[What this task involves]
Please return, with no alterations, the lines below from the very first through the one that contains "values from neighbouring".

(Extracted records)
☆ ☆ ☆ ☆ ☆
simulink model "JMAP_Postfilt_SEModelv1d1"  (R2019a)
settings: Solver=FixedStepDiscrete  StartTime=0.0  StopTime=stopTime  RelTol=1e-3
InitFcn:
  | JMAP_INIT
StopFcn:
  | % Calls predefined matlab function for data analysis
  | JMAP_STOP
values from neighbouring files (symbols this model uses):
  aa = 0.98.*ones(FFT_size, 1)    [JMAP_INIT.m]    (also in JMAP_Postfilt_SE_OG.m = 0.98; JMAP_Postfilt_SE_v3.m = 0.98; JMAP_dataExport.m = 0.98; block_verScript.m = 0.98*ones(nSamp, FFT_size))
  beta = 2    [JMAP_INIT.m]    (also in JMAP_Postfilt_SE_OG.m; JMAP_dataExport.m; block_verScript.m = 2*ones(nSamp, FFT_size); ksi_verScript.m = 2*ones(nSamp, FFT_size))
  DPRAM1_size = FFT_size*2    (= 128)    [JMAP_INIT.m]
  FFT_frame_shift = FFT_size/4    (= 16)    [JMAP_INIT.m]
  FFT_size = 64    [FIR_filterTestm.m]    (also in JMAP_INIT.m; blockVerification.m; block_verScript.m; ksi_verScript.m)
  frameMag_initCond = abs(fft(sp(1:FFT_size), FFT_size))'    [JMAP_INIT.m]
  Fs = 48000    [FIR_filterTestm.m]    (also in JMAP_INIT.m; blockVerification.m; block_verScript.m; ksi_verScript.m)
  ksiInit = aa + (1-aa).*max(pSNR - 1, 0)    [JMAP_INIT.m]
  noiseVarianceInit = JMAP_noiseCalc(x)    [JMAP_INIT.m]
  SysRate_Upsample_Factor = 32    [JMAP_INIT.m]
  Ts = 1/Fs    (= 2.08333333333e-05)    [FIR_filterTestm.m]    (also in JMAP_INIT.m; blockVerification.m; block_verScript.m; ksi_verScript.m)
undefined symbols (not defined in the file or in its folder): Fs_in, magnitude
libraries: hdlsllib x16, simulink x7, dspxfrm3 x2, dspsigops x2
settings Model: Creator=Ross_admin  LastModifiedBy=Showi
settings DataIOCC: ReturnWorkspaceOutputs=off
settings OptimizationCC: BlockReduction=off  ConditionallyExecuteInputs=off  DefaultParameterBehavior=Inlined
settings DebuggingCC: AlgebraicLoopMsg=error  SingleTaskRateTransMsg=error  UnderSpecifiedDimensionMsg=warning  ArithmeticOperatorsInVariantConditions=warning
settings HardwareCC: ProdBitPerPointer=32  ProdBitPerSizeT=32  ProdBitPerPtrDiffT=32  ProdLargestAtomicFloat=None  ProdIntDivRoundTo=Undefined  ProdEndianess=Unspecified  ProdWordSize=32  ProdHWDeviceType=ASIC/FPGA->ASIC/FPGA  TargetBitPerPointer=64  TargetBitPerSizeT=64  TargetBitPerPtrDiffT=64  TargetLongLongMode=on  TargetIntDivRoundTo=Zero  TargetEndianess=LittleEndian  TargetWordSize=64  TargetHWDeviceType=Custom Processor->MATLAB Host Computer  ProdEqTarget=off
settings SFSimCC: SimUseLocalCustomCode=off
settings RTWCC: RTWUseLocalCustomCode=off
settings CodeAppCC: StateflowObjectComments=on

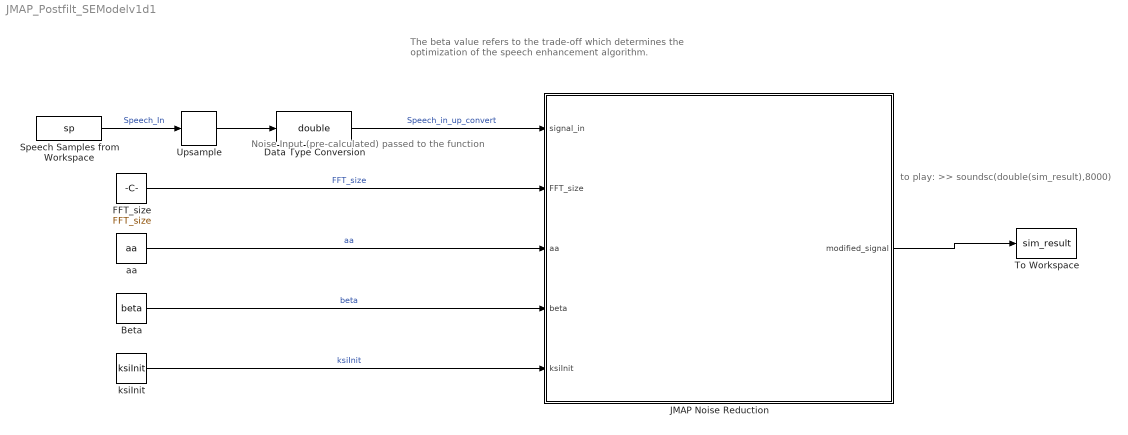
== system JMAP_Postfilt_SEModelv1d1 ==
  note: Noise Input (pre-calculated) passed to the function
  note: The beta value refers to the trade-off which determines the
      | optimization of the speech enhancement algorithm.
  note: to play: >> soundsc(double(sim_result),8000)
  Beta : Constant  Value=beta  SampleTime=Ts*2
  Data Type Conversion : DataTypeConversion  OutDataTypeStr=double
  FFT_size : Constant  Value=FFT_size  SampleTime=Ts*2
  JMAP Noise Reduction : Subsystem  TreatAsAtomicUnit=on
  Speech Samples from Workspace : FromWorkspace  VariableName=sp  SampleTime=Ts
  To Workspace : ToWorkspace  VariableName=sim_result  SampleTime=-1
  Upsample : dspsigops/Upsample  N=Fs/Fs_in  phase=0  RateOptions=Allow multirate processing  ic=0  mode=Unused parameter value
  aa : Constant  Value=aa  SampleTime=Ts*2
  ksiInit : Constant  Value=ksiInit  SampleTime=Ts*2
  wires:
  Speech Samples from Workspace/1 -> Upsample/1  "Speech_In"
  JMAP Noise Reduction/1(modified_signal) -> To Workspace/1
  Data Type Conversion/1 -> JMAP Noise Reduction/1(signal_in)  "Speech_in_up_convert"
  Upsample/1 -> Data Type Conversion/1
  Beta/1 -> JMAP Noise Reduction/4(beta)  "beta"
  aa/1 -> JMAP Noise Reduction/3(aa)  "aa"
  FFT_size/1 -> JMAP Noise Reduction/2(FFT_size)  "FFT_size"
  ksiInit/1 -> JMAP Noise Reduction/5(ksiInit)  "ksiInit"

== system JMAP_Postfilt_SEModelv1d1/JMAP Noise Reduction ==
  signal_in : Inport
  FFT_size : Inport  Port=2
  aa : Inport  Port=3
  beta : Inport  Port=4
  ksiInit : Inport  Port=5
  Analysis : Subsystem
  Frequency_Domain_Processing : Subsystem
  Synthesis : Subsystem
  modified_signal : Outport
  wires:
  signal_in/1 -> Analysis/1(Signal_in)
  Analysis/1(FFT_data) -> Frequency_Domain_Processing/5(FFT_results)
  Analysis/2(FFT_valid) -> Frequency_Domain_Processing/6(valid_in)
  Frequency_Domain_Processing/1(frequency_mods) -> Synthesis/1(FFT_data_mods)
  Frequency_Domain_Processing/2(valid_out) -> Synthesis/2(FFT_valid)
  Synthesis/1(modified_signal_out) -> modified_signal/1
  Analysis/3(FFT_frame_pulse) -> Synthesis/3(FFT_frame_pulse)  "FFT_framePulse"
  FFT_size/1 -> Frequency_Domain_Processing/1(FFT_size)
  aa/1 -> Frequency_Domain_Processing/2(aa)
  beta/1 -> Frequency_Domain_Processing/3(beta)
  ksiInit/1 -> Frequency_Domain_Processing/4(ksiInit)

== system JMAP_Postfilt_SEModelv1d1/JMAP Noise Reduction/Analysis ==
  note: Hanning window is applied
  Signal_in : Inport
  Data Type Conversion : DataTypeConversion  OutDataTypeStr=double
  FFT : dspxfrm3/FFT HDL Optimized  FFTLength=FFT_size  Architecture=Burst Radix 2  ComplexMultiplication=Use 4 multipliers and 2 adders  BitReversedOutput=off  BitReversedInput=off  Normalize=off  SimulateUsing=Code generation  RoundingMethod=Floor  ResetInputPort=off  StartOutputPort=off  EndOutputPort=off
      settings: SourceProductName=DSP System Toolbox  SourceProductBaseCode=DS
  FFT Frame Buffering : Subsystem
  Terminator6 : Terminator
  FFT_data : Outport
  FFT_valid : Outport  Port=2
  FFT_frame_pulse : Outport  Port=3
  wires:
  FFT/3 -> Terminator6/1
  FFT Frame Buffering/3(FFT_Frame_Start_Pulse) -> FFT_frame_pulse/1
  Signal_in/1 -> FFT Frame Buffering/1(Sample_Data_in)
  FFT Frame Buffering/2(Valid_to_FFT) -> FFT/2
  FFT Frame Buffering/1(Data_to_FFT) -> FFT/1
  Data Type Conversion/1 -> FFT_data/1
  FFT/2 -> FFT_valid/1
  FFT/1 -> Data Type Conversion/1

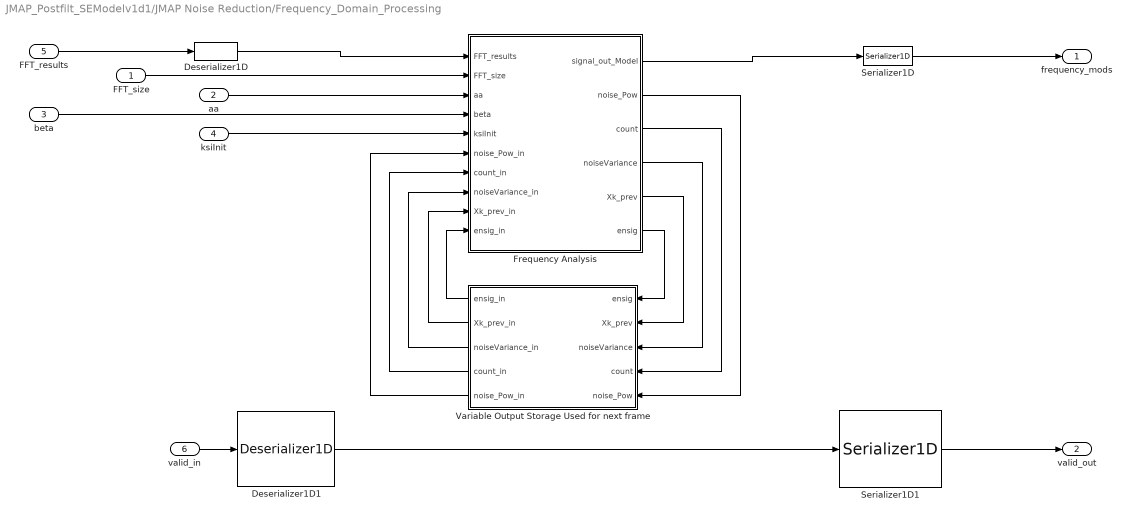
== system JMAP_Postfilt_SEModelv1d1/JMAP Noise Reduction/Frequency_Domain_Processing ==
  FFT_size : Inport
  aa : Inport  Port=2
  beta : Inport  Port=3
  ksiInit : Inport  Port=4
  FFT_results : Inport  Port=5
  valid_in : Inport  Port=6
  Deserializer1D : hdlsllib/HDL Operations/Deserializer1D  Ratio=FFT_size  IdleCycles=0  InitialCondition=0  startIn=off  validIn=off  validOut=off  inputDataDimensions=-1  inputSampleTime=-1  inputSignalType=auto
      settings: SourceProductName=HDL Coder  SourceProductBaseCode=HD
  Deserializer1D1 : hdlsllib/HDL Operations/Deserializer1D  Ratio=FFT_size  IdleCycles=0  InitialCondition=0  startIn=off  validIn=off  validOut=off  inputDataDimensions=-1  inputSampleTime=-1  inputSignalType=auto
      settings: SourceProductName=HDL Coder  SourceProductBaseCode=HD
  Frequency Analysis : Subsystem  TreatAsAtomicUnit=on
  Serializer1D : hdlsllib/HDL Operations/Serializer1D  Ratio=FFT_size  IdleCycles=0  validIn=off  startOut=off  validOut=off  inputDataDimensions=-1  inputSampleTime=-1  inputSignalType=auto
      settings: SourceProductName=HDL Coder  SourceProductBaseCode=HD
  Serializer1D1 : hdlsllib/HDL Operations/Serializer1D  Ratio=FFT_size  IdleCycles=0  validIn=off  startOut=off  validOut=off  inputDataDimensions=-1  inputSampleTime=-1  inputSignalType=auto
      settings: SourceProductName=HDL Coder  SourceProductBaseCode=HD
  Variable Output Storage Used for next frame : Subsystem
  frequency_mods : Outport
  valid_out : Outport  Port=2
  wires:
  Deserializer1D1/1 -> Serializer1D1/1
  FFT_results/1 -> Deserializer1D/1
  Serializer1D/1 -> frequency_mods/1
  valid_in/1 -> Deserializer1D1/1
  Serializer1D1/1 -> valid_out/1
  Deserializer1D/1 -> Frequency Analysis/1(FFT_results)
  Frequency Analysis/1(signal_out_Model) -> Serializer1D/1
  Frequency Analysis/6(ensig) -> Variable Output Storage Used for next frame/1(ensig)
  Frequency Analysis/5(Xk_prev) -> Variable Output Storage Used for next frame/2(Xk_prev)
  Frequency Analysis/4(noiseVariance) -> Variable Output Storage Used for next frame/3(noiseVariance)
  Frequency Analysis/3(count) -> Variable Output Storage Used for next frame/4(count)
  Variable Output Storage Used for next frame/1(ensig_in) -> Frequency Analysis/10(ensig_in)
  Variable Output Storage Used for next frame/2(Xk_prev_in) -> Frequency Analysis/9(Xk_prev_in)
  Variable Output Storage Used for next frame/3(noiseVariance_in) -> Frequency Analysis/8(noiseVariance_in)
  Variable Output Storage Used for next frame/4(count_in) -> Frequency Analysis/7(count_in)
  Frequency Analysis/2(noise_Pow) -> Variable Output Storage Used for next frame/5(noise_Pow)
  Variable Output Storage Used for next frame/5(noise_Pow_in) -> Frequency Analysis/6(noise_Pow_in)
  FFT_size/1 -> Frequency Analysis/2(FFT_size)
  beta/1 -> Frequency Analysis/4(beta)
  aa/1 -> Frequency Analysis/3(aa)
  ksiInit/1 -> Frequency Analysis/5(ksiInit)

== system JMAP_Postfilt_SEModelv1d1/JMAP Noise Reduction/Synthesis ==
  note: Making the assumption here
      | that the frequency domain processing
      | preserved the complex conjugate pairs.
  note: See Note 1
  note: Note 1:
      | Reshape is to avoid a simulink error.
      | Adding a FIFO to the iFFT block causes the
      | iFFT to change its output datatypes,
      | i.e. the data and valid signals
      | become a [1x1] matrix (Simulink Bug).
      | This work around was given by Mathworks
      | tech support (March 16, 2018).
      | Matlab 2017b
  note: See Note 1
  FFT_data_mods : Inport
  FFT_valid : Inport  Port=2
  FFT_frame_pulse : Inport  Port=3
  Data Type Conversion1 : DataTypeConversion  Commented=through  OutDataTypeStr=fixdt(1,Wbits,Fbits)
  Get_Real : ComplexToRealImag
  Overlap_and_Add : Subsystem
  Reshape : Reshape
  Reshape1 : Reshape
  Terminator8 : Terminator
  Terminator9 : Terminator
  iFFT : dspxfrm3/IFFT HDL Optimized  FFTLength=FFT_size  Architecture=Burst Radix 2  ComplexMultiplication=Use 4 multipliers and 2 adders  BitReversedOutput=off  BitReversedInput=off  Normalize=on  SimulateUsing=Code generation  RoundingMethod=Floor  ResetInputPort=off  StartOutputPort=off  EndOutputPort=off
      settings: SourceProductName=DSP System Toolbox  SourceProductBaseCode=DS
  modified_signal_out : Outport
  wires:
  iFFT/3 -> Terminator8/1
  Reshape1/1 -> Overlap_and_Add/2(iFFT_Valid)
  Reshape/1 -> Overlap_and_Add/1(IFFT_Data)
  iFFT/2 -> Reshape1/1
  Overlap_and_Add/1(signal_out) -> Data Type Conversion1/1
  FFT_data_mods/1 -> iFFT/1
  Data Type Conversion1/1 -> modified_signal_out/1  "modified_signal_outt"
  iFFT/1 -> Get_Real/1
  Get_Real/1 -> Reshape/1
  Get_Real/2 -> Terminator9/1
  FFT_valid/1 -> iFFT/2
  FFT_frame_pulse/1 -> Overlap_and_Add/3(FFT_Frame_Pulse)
☆ ☆ ☆ ☆ ☆
[Response area]
simulink model "JMAP_Postfilt_SEModelv1d1"  (R2019a)
settings: Solver=FixedStepDiscrete  StartTime=0.0  StopTime=stopTime  RelTol=1e-3
InitFcn:
  | JMAP_INIT
StopFcn:
  | % Calls predefined matlab function for data analysis
  | JMAP_STOP
values from neighbouring files (symbols this model uses):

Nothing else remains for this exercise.